Prompt — Stop at the line containing "doc.set_wipeout_variables(frame=1)": write out every line from the beginning of the entries up to and including it, minus the pictures.

(Records from a dataset)

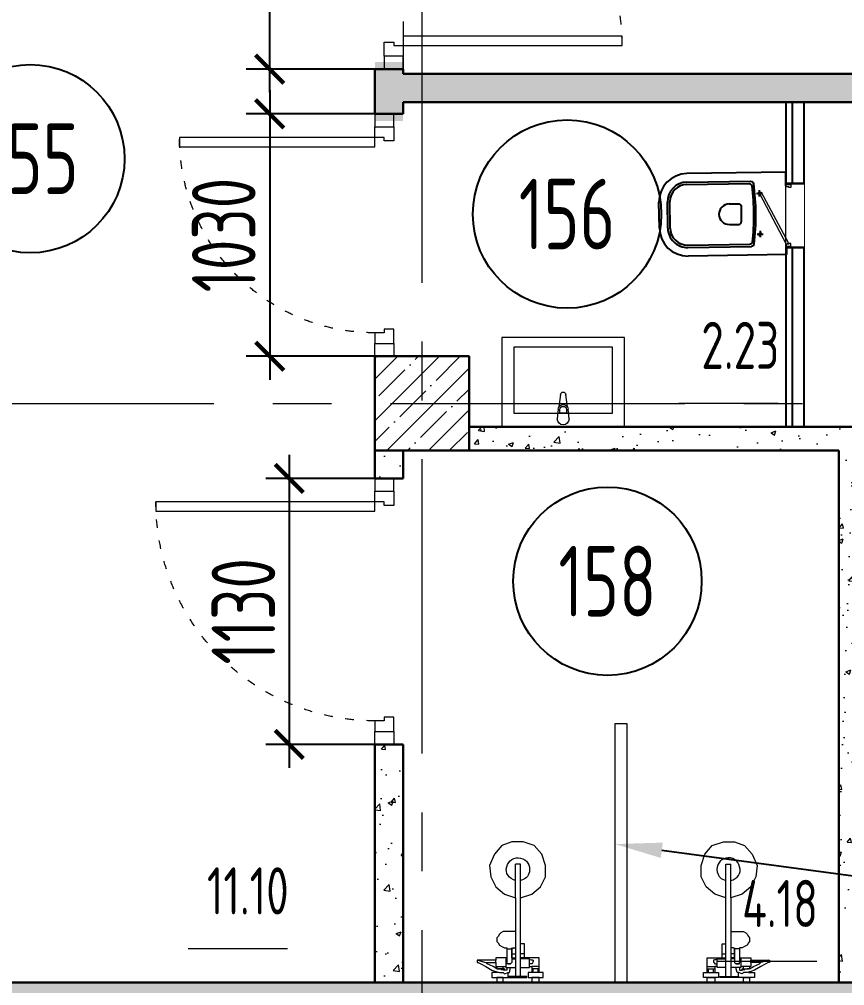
# Model space of a CAD drawing. Header units: millimetres. Extents: x -360149 to 9420325, y 0 to 292181.
# Drawn here: x -195944 to -192439, y 122127 to 126232 of the extents above; entities that cross this region are included whole.
import ezdxf
from ezdxf import colors
from ezdxf.entities.mleader import LeaderData, LeaderLine
from ezdxf.enums import TextEntityAlignment as Align
from ezdxf.math import Vec2, Vec3

# ---------------------------------------------------------------- set-up
doc = ezdxf.new("R2010")
doc.units = ezdxf.units.MM
doc.header["$MEASUREMENT"] = 0
doc.set_wipeout_variables(frame=1)
for name, pattern in [('ACAD_ISO03W100', [30, 12, -18]), ('ADSK_Штриховая_ш2 п1', [3, 2, -1]), ('CENTER', [2, 1.25, -0.25, 0.25, -0.25])]:
    doc.linetypes.add(name, pattern=pattern)
doc.layers.get('0').update_dxf_attribs({"color": 250, "lineweight": 9})
for name, color, linetype, lineweight in [('_АР ТЕКСТ', 250, 'Continuous', 25), ('АР_Двери', 5, 'Continuous', 18), ('АР_Колонны', 5, 'Continuous', 30), ('АР_Колонны Штрих', 250, 'Continuous', 5), ('АР_Маркер экспликации', 239, 'Continuous', 13), ('АР_Номер помещения', 1, 'Continuous', 25), ('АР_Оси', 193, 'Continuous', 9), ('АР_Отметки', 250, 'Continuous', 15), ('АР_Перегородки газоблок', 165, 'Continuous', 30), ('АР_Перегородки газоблок_Штрих', 165, 'Continuous', 5), ('АР_Перегородки сантехнические', 216, 'Continuous', 9), ('АР_Помещения_площадь', 19, 'Continuous', 9), ('АР_Размеры дверей', 15, 'Continuous', 0), ('АР_тонкая линия', 250, 'Continuous', 0)]:
    doc.layers.add(name, color=color, linetype=linetype, lineweight=lineweight)
doc.layers.add('АР_новое окно', color=160, linetype='Continuous')
doc.layers.add('ТХ_сантехника', color=253, linetype='Continuous')
doc.styles.add('ISOCPEUR', font='isocpeur.ttf', dxfattribs={"width": 0.7})
doc.styles.get("Standard").update_dxf_attribs({"font": 'isocpeur.ttf'})
doc.dimstyles.new('R_100', dxfattribs={"dimtxt": 270, "dimasz": 120, "dimexe": 100, "dimexo": 0, "dimgap": 60, "dimtad": 1, "dimdec": 0, "dimrnd": 5, "dimzin": 0, "dimdsep": 46, "dimtxsty": 'ISOCPEUR', "dimblk": 'ARCHTICK', "dimcen": 0, "dimdle": 100, "dimclrd": 256, "dimclre": 256, "dimclrt": 256, "dimadec": 0, "dimazin": 0, "dimtfac": 2, "dimtdec": 0, "dimtofl": 0, "dimtmove": 1, "dimatfit": 3, "dimfxl": 1, "dimtvp": 3, "dimtolj": 1, "dimtzin": 0, "dimarcsym": 0})
pattern_1 = [(50, (0, 0), (215.17805, -18.82564), [22.5, -247.5]), (355, (0, 0), (-41.6254, 225.65764), [18, -198]), (100.45144, (17.93, -1.57), (173.55265, 206.832), [19.12206, -210.34263]), (46.1842, (0, 60), (320.1724, -49.65578), [33.75, -371.25]), (96.63564, (26.68, 55.86), (280.3986, 292.2356), [28.6831, -315.51413]), (351.18416, (0, 60), (280.3986, 292.2356), [27, -297]), (21, (30, 45), (179.07212, -120.78567), [22.5, -247.5]), (326, (30, 45), (72.9946, 217.54501), [18, -198]), (71.45144, (44.92, 34.93), (252.06671, 96.75935), [19.12206, -210.34263]), (37.5, (0, 0), (3.647957, 99.868156), [0, -195.6, 0, -201, 0, -198.75]), (7.5, (0, 0), (78.92086, 118.323514), [0, -114.6, 0, -191.1, 0, -75.75]), (327.5, (-66.9, 0), (160.14673, -6.766462), [0, -75, 0, -234, 0, -310.5]), (317.5, (-96.9, 0), (174.95585, 30.031495), [0, -97.5, 0, -155.4, 0, -220.5])]

# ---------------------------------------------------------------- blocks, each defined once
blk = doc.blocks.new('*U1084')
for points in [[(-55, -80), (-55, 0), (-115, 0), (-115, -40), (-100, -40), (-100, -80), (-55, -80)], [(0, 0), (0, -80), (-55, -80), (-55, 0), (0, 0)], [(-1130, 0), (-1130, -80), (-1075, -80), (-1075, 0), (-1130, 0)], [(-1075, -80), (-1075, 0), (-1015, 0), (-1015, -40), (-1030, -40), (-1030, -80), (-1075, -80)]]:
    blk.add_lwpolyline(points)
blk.add_lwpolyline([(-100, -80), (-100, -1010), (-140, -1010), (-140, -80)], close=True)
at = {"linetype": 'ACAD_ISO03W100', "ltscale": 3}
blk.add_arc((-100, -80), 930, 180, 270, dxfattribs=at)
blk = doc.blocks.new('*U1090')
for points in [[(-55, -80), (-55, 0), (-115, 0), (-115, -40), (-100, -40), (-100, -80), (-55, -80)], [(0, 0), (0, -80), (-55, -80), (-55, 0), (0, 0)], [(-1030, 0), (-1030, -80), (-975, -80), (-975, 0), (-1030, 0)], [(-975, -80), (-975, 0), (-915, 0), (-915, -40), (-930, -40), (-930, -80), (-975, -80)]]:
    blk.add_lwpolyline(points)
blk.add_lwpolyline([(-100, -80), (-100, -910), (-140, -910), (-140, -80)], close=True)
at = {"linetype": 'ACAD_ISO03W100', "ltscale": 3}
blk.add_arc((-100, -80), 830, 180, 270, dxfattribs=at)
blk = doc.blocks.new('*U1086')
for points in [[(0, 0), (0, -80), (55, -80), (55, 0), (0, 0)], [(55, -80), (55, 0), (115, 0), (115, -40), (100, -40), (100, -80), (55, -80)], [(1075, -80), (1075, 0), (1015, 0), (1015, -40), (1030, -40), (1030, -80), (1075, -80)], [(1130, 0), (1130, -80), (1075, -80), (1075, 0), (1130, 0)]]:
    blk.add_lwpolyline(points)
blk.add_lwpolyline([(100, -80), (100, -1010), (140, -1010), (140, -80)], close=True)
at = {"linetype": 'ACAD_ISO03W100', "ltscale": 3}
blk.add_arc((100, -80), 930, 270, 0, dxfattribs=at)
blk = doc.blocks.new('*U46')
at = {"layer": 'АР_Номер помещения', "color": 7}
blk.add_circle((-456.4, -1236.9), 400, dxfattribs=at)
at = {"layer": 'АР_Помещения_площадь', "color": 7}
blk.add_line((636.2, -4593.6), (213.9, -4593.6), dxfattribs=at)
at = {"color": 7, "style": 'ISOCPEUR', "width": 0.7, "flags": 1}
blk.add_attdef('КАТЕГОРИЯ', (-499.2, -2092.2), '', height=250, dxfattribs=at)
at = {"layer": 'АР_Номер помещения', "color": 7, "style": 'ISOCPEUR', "width": 0.7}
blk.add_attdef('НОМЕР_ПОМЕЩЕНИЯ', text='', height=300, dxfattribs=at).set_placement((-456.4, -1236.9), align=Align.MIDDLE_CENTER)
at = {"layer": 'АР_Помещения_площадь', "color": 7, "lineweight": 30, "width": 0.7, "flags": 104}
blk.add_attdef('ИМЯ_ПОМЕЩЕНИЯ', text='', height=100, dxfattribs=at).set_placement((157.6, 1217.1), align=Align.MIDDLE_CENTER)
at = {"layer": 'АР_Помещения_площадь', "color": 7, "style": 'ISOCPEUR', "width": 0.7}
blk.add_attdef('ПЛОЩАДЬ_ПОМЕЩЕНИЯ', text='', height=200, dxfattribs=at).set_placement((641.1, -4347.1), align=Align.MIDDLE_RIGHT)
blk = doc.blocks.new('*U105')
at = {"layer": 'АР_Номер помещения', "color": 7}
blk.add_circle((-513.5, -1398.4), 400, dxfattribs=at)
at = {"layer": 'АР_Помещения_площадь', "color": 7}
blk.add_line((375.9, -3013.9), (-46.5, -3013.9), dxfattribs=at)
at = {"color": 7, "style": 'ISOCPEUR', "width": 0.7, "flags": 1}
blk.add_attdef('КАТЕГОРИЯ', (-499.2, -2092.2), '', height=250, dxfattribs=at)
at = {"layer": 'АР_Номер помещения', "color": 7, "style": 'ISOCPEUR', "width": 0.7}
blk.add_attdef('НОМЕР_ПОМЕЩЕНИЯ', text='', height=300, dxfattribs=at).set_placement((-513.5, -1398.4), align=Align.MIDDLE_CENTER)
at = {"layer": 'АР_Помещения_площадь', "color": 7, "lineweight": 30, "width": 0.7, "flags": 104}
blk.add_attdef('ИМЯ_ПОМЕЩЕНИЯ', text='', height=100, dxfattribs=at).set_placement((157.6, 1217.1), align=Align.MIDDLE_CENTER)
at = {"layer": 'АР_Помещения_площадь', "color": 7, "style": 'ISOCPEUR', "width": 0.7}
blk.add_attdef('ПЛОЩАДЬ_ПОМЕЩЕНИЯ', text='', height=200, dxfattribs=at).set_placement((380.8, -2767.4), align=Align.MIDDLE_RIGHT)
blk = doc.blocks.new('*U51')
at = {"layer": 'АР_Номер помещения', "color": 7}
blk.add_circle((-6845.3, -2943.8), 400, dxfattribs=at)
at = {"layer": 'АР_Помещения_площадь', "color": 7}
blk.add_line((-5948.9, -3748.1), (-6371.3, -3748.1), dxfattribs=at)
at = {"color": 7, "style": 'ISOCPEUR', "width": 0.7, "flags": 1}
blk.add_attdef('КАТЕГОРИЯ', (-499.2, -2092.2), '', height=250, dxfattribs=at)
at = {"layer": 'АР_Номер помещения', "color": 7, "style": 'ISOCPEUR', "width": 0.7}
blk.add_attdef('НОМЕР_ПОМЕЩЕНИЯ', text='', height=300, dxfattribs=at).set_placement((-6845.3, -2943.8), align=Align.MIDDLE_CENTER)
at = {"layer": 'АР_Помещения_площадь', "color": 7, "lineweight": 30, "width": 0.7, "flags": 104}
blk.add_attdef('ИМЯ_ПОМЕЩЕНИЯ', text='', height=100, dxfattribs=at).set_placement((157.6, 1217.1), align=Align.MIDDLE_CENTER)
at = {"layer": 'АР_Помещения_площадь', "color": 7, "style": 'ISOCPEUR', "width": 0.7}
blk.add_attdef('ПЛОЩАДЬ_ПОМЕЩЕНИЯ', text='', height=200, dxfattribs=at).set_placement((-5944, -3501.6), align=Align.MIDDLE_RIGHT)
blk = doc.blocks.new('унитаз поликлиники')
for p, q in [((0, 175), (0, -175)), ((0, 175), (420, 175)), ((420, 138.7), (149.6, 138.7)), ((420, 129), (156.8, 128.7)), ((125.6, 86.7), (99.5, 86.7)), ((112.4, 73.1), (112.4, 100.2)), ((242.4, 43.7), (201.9, 43.7)), ((494, 57.1), (494, -57.1)), ((504, 55), (504, -55)), ((540, 55), (540, -55)), ((191.9, -33.7), (191.9, 33.7)), ((112.3, -73), (112.3, -100.1)), ((242.4, -43.7), (201.9, -43.7)), ((125.5, -86.5), (99.4, -86.5)), ((420, -139), (147.9, -138.7)), ((420, -129), (155.2, -128.7)), ((0, -175), (420, -175))]:
    blk.add_line(p, q)
for centre, radius, start, end in [((420, 55), 120, 0, 90), ((420.5, 55.2), 83.5, 359.8619, 90.3335), ((420, 55), 74, 0, 90), ((242.4, 0), 43.7, 270, 90), ((420, -55), 120, 270, 0), ((420, -55), 84, 270, 0), ((420, -55), 74, 270, 358.4018)]:
    blk.add_arc(centre, radius, start, end)
at = {"extrusion": (0, 0, -1)}
for centre, major_axis, ratio, start_param, end_param in [((1158.1, 0), (-731, -726.4), 0.993775, 0.659849, 0.910919), ((149.5, 127.3), (-5.6, -10.5), 0.821373, 1.269211, 2.570669), ((154.4, 119.8), (-5.61, -7.72), 0.798093, 1.232924, 2.686723), ((112.4, 86.8), (3.55, 3.55), 1, 5.504025, 11.78721), ((984.1, 0), (-23.4, -941.4), 0.89728, 1.422258, 1.677847), ((201.9, -33.5), (4.12, -9.49), 0.964797, 0.42926, 1.943413), ((155.2, -117.5), (5.3, -10.4), 0.842984, 0.549902, 1.8819), ((147.9, -127.5), (5.4, -10.4), 0.836443, 0.56114, 1.877577)]:
    blk.add_ellipse(centre, major_axis=major_axis, ratio=ratio, start_param=start_param, end_param=end_param, dxfattribs=at)
for centre, major_axis, ratio, start_param, end_param in [((201.9, 33.5), (4.12, 9.49), 0.964797, 0.42926, 1.943413), ((112.3, -86.6), (3.54, -3.55), 1, 5.504025, 11.78721)]:
    blk.add_ellipse(centre, major_axis=major_axis, ratio=ratio, start_param=start_param, end_param=end_param)
blk = doc.blocks.new('Из_буфера15266')
at = {"lineweight": 0, "ltscale": 100, "transparency": 33554687}
for points in [[(-13.2, -338.7), (-60.9, -354.5), (-97.9, -386.3), (-119.1, -428.6), (-119.1, -476.2), (-103.2, -523.9), (-71.4, -560.9), (-23.8, -576.8), (23.8, -576.8), (66.1, -560.9), (97.9, -523.9), (119.1, -476.2), (113.8, -428.6), (92.6, -386.3), (55.6, -354.5), (7.9, -338.7), (7.9, -195.8), (23.8, -195.8), (34.4, -195.8), (50.3, -195.8), (60.9, -195.8), (71.4, -190.5), (76.7, -185.2), (82, -174.6), (87.3, -169.3), (87.3, -158.7), (87.3, -153.5), (82, -148.2), (82, -148.2), (76.7, -137.6), (76.7, -137.6), (66.1, -132.3), (55.6, -127), (50.3, -127), (45, -127), (45, -105.8), (45, -84.7), (92.6, -84.7), (92.6, -74.1), (166.7, -74.1), (172, -74.1), (172, -68.8), (172, -63.5), (166.7, -63.5), (156.1, -58.2), (134.9, -47.6), (108.5, -31.7), (92.6, -26.5), (92.6, -21.2), (108.5, -21.2), (108.5, 0), (39.7, 0), (39.7, -21.2), (39.7, -21.2), (39.7, -21.2), (34.4, -21.2), (34.4, -21.2), (29.1, -42.3), (7.9, -42.3), (7.9, -5.3), (39.7, -5.3), (39.7, 0), (-39.7, 0), (-39.7, -5.3), (-13.2, -5.3), (-13.2, -42.3), (-50.3, -42.3), (-50.3, -47.6), (-60.9, -47.6), (-60.9, -37), (-60.9, -37), (-60.9, -21.2), (-45, -21.2), (-45, 0), (-108.5, 0), (-108.5, -21.2), (-92.6, -21.2), (-92.6, -37), (-92.6, -37), (-92.6, -47.6), (-92.6, -47.6), (-92.6, -84.7), (-29.1, -84.7)], [(-92.6, -21.2), (-60.9, -21.2)], [(-92.6, -37), (-60.9, -37)], [(-87.3, -21.2), (-87.3, -37)], [(-66.1, -21.2), (-66.1, -37)], [(-13.2, -5.3), (7.9, -5.3)], [(55.6, -15.9), (39.7, -21.2)], [(55.6, -15.9), (55.6, -15.9)], [(60.9, -21.2), (55.6, -15.9)], [(55.6, -31.7), (55.6, -31.7)], [(76.7, -37), (55.6, -31.7)], [(92.6, -26.5), (76.7, -21.2), (60.9, -21.2)], [(60.9, -37), (66.1, -37), (82, -37), (82, -37)], [(66.1, -31.7), (66.1, -37)], [(87.3, -37), (76.7, -37)], [(82, -21.2), (92.6, -21.2)], [(-92.6, -47.6), (-60.9, -47.6)], [(-50.3, -47.6), (-50.3, -79.4)], [(-50.3, -79.4), (-13.2, -79.4)], [(-13.2, -42.3), (-13.2, -142.9)], [(7.9, -195.8), (7.9, -42.3)], [(23.8, -79.4), (7.9, -79.4)], [(23.8, -63.5), (23.8, -63.5), (23.8, -63.5), (29.1, -58.2), (29.1, -58.2), (29.1, -58.2), (29.1, -58.2), (34.4, -58.2), (39.7, -58.2), (39.7, -58.2), (39.7, -58.2), (39.7, -58.2), (45, -58.2), (45, -63.5), (45, -63.5)], [(23.8, -105.8), (23.8, -63.5)], [(45, -42.3), (29.1, -42.3)], [(34.4, -58.2), (29.1, -58.2)], [(34.4, -58.2), (34.4, -58.2)], [(39.7, -58.2), (34.4, -58.2)], [(39.7, -58.2), (39.7, -58.2)], [(45, -63.5), (45, -63.5)], [(45, -84.7), (45, -63.5)], [(50.3, -79.4), (45, -79.4)], [(50.3, -47.6), (50.3, -47.6)], [(50.3, -52.9), (50.3, -47.6)], [(50.3, -79.4), (50.3, -47.6)], [(50.3, -58.2), (50.3, -52.9)], [(87.3, -47.6), (60.9, -47.6)], [(92.6, -63.5), (92.6, -74.1)], [(166.7, -74.1), (150.8, -68.8), (134.9, -63.5)], [(166.7, -74.1), (166.7, -74.1)], [(-29.1, -84.7), (-29.1, -142.9), (-23.8, -142.9), (-23.8, -142.9), (-23.8, -142.9), (-18.5, -142.9), (-13.2, -142.9), (-13.2, -142.9), (-13.2, -338.7)], [(-29.1, -84.7), (-13.2, -84.7)], [(-29.1, -100.5), (-13.2, -100.5)], [(23.8, -84.7), (7.9, -84.7)], [(23.8, -100.5), (7.9, -100.5)], [(23.8, -121.7), (18.5, -127)], [(23.8, -84.7), (23.8, -127)], [(23.8, -127), (23.8, -105.8)], [(45, -121.7), (34.4, -121.7), (23.8, -121.7)], [(45, -127), (45, -121.7)], [(13.2, -127), (7.9, -127)], [(18.5, -127), (13.2, -127)], [(-13.2, -338.7), (-13.2, -481.5)], [(7.9, -338.7), (7.9, -481.5)], [(-13.2, -481.5), (7.9, -481.5)]]:
    blk.add_lwpolyline(points, dxfattribs=at)
for points in [[(-92.6, 0), (-60.9, 0), (-60.9, 21.2), (-92.6, 21.2)], [(60.9, 0), (87.3, 0), (87.3, 21.2), (60.9, 21.2)], [(39.7, -21.2), (39.7, -21.2)], [(50.3, -42.3), (45, -42.3), (45, -31.7), (55.6, -31.7), (55.6, -31.7), (55.6, -37), (60.8, -37), (60.8, -47.6), (50.3, -47.6)], [(87.3, -47.6), (87.3, -37), (103.2, -47.6), (129.6, -58.2), (134.9, -63.5), (92.6, -63.5), (92.6, -47.6)]]:
    blk.add_lwpolyline(points, close=True, dxfattribs=at)
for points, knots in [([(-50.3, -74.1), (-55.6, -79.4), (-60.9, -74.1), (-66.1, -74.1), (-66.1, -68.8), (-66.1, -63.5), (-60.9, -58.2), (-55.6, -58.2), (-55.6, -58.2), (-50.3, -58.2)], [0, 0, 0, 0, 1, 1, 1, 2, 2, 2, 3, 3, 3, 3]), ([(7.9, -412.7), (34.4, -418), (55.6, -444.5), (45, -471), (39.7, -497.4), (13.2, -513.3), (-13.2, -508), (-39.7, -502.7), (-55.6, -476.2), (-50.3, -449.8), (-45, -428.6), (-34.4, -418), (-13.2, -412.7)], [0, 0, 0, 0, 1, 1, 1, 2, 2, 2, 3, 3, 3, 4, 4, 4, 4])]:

Output of the exercise —
# Model space of a CAD drawing. Header units: millimetres. Extents: x -360149 to 9420325, y 0 to 292181.
# Drawn here: x -195944 to -192439, y 122127 to 126232 of the extents above; entities that cross this region are included whole.
import ezdxf
from ezdxf import colors
from ezdxf.entities.mleader import LeaderData, LeaderLine
from ezdxf.enums import TextEntityAlignment as Align
from ezdxf.math import Vec2, Vec3

# ---------------------------------------------------------------- set-up
doc = ezdxf.new("R2010")
doc.units = ezdxf.units.MM
doc.header["$MEASUREMENT"] = 0
doc.set_wipeout_variables(frame=1)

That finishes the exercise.